Microbial control over carbon cycling in soil

Abstract

A major thrust of terrestrial microbial ecology is focused on understanding when and how the composition of the microbial community affects the functioning of biogeochemical processes at the ecosystem scale (meters-to-kilometers and days-to-years). While research has demonstrated these linkages for physiologically and phylogenetically "narrow" processes such as trace gas emissions and nitrification, there is less conclusive evidence that microbial community composition influences the "broad" processes of decomposition and organic matter (OM) turnover in soil. In this paper, we consider how soil microbial community structure influences C cycling. We consider the phylogenetic level at which microbes form meaningful guilds, based on overall life history strategies, and suggest that these are associated with deep evolutionary divergences, while much of the species-level diversity probably reflects functional redundancy. We then consider under what conditions it is possible for differences among microbes to affect process dynamics, and argue that while microbial community structure may be important in the rate of OM breakdown in the rhizosphere and in detritus, it is likely not important in the mineral soil. In mineral soil, physical access to occluded or sorbed substrates is the rate-limiting process. Microbial community influences on OM turnover in mineral soils are based on how organisms allocate the C they take up - not only do the fates of the molecules differ, but they can affect the soil system differently as well. For example, extracellular enzymes and extracellular polysaccharides can be key controls on soil structure and function. How microbes allocate C may also be particularly important for understanding the long-term fate of C in soil - is it sequestered or not?

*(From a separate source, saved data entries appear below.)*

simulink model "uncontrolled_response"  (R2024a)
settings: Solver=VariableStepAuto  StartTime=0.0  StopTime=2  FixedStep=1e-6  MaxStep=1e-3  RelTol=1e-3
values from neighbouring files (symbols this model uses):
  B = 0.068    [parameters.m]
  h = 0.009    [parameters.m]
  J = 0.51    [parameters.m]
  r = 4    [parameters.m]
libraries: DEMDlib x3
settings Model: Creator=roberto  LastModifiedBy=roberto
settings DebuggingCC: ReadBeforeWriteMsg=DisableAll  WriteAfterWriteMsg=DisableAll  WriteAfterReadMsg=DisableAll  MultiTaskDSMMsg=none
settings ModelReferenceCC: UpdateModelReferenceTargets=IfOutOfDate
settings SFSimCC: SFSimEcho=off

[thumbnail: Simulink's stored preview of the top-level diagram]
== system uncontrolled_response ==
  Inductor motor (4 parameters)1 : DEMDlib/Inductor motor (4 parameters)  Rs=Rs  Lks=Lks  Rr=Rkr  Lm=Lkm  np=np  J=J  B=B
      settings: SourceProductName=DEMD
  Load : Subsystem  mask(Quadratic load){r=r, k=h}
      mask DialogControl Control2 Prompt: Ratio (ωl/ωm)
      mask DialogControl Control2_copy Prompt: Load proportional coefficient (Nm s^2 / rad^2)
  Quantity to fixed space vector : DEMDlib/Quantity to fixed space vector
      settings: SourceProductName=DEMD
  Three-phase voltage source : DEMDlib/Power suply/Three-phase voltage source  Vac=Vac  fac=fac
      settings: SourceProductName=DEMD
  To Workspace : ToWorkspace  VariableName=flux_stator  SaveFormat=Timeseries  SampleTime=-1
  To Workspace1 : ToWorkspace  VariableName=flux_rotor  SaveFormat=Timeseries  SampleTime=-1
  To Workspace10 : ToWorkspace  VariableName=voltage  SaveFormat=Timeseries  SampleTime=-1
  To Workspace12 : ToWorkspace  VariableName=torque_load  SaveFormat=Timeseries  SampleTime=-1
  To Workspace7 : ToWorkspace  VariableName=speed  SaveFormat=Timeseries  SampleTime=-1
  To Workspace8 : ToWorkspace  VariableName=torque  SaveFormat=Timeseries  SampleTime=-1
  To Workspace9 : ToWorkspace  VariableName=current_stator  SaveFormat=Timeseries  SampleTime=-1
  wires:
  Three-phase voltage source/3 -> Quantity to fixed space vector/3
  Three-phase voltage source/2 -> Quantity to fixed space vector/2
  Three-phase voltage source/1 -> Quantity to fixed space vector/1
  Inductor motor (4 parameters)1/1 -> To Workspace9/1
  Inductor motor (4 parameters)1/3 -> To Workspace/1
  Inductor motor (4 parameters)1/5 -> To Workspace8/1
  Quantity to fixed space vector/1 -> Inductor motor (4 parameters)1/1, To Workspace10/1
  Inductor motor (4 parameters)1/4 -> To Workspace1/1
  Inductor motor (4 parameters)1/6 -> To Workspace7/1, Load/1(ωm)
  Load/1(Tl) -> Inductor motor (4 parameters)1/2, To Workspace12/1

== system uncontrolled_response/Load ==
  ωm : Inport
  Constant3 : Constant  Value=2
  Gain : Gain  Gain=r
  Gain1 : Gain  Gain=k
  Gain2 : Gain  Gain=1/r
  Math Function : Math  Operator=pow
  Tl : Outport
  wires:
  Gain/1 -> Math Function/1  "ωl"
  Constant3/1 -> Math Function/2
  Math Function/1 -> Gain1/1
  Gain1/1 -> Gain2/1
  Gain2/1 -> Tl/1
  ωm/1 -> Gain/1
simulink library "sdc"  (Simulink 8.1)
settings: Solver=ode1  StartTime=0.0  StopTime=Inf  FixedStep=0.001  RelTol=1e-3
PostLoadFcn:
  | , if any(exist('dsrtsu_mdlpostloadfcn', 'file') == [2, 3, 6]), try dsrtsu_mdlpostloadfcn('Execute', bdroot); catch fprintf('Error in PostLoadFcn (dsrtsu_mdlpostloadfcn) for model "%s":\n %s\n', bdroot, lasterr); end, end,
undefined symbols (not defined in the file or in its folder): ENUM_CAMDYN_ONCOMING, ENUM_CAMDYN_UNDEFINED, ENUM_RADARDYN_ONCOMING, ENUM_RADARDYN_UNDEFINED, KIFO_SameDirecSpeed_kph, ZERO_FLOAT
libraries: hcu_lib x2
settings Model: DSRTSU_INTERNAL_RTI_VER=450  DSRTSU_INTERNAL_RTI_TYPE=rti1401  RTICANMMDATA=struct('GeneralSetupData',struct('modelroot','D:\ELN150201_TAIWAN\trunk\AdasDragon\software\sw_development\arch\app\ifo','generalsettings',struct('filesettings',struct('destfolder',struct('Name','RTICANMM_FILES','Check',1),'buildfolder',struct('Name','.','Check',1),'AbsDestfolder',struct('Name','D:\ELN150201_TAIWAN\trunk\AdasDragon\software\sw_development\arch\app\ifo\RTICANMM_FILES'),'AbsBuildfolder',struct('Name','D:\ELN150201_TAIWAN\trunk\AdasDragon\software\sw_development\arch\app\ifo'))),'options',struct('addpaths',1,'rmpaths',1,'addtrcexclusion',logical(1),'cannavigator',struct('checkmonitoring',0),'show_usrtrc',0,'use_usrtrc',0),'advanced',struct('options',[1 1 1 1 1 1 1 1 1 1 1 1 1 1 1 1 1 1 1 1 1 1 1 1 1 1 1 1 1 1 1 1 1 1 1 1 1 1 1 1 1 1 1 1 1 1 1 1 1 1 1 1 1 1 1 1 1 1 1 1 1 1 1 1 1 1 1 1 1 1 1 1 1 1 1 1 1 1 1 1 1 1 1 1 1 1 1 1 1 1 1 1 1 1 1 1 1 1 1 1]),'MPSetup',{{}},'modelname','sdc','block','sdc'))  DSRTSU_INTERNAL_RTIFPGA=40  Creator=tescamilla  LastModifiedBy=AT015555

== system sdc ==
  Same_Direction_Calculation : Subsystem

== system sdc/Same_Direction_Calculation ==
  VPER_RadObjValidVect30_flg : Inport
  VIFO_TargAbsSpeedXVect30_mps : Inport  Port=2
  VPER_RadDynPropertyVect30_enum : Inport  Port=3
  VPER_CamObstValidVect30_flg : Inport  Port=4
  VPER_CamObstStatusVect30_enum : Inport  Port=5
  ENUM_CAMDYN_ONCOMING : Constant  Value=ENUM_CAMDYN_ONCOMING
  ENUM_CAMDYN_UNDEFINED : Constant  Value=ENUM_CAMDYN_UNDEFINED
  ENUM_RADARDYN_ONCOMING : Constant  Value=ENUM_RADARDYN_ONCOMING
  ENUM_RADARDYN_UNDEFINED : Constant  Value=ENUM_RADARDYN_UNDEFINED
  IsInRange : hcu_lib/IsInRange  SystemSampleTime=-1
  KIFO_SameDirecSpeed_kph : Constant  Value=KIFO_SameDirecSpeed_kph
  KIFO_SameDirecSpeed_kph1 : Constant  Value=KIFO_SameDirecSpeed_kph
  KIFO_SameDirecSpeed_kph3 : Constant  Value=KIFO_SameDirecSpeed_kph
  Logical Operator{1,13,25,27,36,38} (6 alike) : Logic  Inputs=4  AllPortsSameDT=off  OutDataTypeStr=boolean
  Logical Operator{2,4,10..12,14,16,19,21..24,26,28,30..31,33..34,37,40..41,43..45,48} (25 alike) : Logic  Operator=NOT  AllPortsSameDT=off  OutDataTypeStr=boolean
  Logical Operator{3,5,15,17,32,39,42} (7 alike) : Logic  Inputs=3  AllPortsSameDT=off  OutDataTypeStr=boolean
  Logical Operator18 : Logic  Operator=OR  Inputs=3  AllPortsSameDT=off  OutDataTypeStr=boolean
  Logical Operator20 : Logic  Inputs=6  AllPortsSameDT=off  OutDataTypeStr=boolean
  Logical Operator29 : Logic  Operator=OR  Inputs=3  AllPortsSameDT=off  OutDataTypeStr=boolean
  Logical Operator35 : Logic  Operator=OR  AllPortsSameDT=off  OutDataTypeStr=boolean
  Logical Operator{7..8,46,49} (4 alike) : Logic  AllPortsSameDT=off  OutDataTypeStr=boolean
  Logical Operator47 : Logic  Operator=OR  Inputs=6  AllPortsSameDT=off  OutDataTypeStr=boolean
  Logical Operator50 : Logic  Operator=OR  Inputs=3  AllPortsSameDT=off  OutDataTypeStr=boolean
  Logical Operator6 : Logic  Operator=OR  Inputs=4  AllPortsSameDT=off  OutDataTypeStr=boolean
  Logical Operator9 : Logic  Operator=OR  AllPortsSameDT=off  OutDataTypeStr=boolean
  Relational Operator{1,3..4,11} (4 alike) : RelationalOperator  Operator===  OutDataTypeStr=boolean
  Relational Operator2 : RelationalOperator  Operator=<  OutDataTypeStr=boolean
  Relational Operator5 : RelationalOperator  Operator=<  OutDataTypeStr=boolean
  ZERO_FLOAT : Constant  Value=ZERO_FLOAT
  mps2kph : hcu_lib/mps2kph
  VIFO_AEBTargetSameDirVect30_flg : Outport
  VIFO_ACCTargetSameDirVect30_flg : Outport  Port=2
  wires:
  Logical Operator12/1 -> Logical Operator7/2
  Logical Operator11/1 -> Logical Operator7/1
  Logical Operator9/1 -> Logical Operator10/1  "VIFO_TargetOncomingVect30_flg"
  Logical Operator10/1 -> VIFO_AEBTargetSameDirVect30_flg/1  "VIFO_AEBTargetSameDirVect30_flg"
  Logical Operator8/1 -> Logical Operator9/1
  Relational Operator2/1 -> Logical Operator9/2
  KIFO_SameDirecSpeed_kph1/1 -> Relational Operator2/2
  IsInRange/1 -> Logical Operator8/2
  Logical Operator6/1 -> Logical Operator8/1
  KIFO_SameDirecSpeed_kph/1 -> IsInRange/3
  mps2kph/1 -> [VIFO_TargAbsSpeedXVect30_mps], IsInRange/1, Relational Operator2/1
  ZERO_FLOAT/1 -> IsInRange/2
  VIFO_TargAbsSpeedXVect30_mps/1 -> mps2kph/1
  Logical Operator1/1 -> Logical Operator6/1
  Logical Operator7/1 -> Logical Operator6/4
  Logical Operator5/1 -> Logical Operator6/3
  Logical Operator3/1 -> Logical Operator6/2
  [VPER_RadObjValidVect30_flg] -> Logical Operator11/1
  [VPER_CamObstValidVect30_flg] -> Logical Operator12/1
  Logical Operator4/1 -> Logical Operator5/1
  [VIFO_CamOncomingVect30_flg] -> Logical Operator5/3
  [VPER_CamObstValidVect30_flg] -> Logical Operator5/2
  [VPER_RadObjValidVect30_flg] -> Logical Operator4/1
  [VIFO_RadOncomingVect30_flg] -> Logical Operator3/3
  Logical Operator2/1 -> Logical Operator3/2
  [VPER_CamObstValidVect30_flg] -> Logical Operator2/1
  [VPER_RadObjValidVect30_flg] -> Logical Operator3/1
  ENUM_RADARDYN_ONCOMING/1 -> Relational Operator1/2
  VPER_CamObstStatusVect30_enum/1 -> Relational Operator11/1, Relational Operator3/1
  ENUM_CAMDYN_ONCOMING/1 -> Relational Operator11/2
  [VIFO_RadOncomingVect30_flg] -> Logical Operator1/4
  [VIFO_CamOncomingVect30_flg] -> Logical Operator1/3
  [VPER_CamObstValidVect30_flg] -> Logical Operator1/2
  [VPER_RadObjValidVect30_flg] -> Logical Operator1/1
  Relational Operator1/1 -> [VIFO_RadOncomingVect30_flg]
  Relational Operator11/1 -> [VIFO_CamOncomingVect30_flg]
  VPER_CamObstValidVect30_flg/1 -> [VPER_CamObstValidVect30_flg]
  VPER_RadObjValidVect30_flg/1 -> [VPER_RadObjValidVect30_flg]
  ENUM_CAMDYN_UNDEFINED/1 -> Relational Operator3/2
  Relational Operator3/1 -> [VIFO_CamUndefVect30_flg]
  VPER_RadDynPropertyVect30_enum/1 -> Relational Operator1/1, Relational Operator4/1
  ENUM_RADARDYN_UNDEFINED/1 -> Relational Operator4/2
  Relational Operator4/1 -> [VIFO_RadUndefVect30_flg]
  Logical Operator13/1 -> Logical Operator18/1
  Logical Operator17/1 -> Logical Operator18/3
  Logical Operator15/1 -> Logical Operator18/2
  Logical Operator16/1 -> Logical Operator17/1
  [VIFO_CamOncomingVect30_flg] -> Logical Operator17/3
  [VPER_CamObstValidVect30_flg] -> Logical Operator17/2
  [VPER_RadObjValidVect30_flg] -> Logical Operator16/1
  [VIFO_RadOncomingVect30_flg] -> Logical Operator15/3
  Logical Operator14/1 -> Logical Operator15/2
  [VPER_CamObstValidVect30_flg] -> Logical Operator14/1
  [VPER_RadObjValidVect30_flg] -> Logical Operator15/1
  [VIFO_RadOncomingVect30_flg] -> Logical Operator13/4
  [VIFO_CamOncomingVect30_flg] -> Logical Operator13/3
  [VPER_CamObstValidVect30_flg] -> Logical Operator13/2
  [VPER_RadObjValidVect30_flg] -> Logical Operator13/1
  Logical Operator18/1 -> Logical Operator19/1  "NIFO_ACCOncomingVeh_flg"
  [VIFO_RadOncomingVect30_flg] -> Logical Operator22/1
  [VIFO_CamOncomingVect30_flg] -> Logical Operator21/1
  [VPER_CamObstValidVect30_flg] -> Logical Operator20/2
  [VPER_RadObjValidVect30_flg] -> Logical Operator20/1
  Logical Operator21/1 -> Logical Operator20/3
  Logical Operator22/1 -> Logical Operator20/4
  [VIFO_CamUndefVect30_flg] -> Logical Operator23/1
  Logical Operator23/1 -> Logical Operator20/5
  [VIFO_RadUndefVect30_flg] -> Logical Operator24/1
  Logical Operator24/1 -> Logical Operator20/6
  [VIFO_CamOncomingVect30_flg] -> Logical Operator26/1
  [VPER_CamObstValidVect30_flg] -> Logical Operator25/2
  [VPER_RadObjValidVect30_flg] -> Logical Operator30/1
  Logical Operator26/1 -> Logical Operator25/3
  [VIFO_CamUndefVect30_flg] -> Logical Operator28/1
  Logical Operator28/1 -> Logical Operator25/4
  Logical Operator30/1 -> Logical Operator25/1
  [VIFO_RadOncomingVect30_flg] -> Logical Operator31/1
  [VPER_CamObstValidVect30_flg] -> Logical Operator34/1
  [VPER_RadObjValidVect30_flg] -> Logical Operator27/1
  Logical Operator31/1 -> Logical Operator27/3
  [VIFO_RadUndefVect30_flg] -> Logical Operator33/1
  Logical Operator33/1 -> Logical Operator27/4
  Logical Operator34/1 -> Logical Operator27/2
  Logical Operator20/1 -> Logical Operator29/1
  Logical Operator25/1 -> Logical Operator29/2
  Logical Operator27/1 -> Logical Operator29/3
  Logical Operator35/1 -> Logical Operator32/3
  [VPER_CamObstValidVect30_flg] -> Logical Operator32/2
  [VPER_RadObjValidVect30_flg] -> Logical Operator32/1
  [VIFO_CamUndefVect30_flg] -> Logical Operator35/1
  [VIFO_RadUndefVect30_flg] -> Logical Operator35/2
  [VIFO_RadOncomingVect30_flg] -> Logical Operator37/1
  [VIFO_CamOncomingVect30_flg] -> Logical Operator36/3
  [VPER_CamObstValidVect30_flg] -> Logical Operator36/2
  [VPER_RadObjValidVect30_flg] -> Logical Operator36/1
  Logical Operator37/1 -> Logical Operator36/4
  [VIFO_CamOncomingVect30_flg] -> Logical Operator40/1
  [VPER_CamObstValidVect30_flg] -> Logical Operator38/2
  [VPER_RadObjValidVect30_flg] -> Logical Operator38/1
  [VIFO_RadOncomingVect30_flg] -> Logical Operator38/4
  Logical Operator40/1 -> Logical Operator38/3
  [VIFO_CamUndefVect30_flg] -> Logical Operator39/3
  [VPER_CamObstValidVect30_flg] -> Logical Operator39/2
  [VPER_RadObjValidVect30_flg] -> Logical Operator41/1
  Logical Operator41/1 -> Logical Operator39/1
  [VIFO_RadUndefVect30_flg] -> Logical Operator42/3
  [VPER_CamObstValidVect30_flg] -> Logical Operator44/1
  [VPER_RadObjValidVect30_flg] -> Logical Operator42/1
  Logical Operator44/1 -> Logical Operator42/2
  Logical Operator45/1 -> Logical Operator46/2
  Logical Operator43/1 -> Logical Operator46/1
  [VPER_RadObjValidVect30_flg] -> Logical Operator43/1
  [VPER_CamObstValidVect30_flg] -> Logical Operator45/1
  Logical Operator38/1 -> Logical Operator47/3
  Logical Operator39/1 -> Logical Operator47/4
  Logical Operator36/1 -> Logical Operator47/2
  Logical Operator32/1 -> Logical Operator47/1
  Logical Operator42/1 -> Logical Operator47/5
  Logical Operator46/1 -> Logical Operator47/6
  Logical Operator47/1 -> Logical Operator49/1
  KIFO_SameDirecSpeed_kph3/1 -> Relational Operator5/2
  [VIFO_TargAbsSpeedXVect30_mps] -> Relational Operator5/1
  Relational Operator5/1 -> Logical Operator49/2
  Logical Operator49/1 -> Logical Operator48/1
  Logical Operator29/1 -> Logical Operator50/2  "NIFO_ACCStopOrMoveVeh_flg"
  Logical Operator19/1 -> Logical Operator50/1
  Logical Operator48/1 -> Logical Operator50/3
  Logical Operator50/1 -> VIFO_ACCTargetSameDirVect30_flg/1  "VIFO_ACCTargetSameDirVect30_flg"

Keywords: carbon; diversity; litter; microbial communities; roots; soil.

FIGURE 1

Microbial C cycling: the relative roles of physical access to soil C pools and of microbial allocation patterns in regulating overall soil C dynamics.

FIGURE 2

The main zones in soil, the characteristics that regulate microbial functioning within each zone, and the dominant guilds of microbes present. In litter and the rhizosphere (outlined in green), microbial community composition likely affects both the rate of processes and the fate of C. In mineral soil (outlined in brown), microbial community composition likely only controls the fate of C. In dead roots, community composition probably regulates both rate and fate, but little research has been done on this compartment.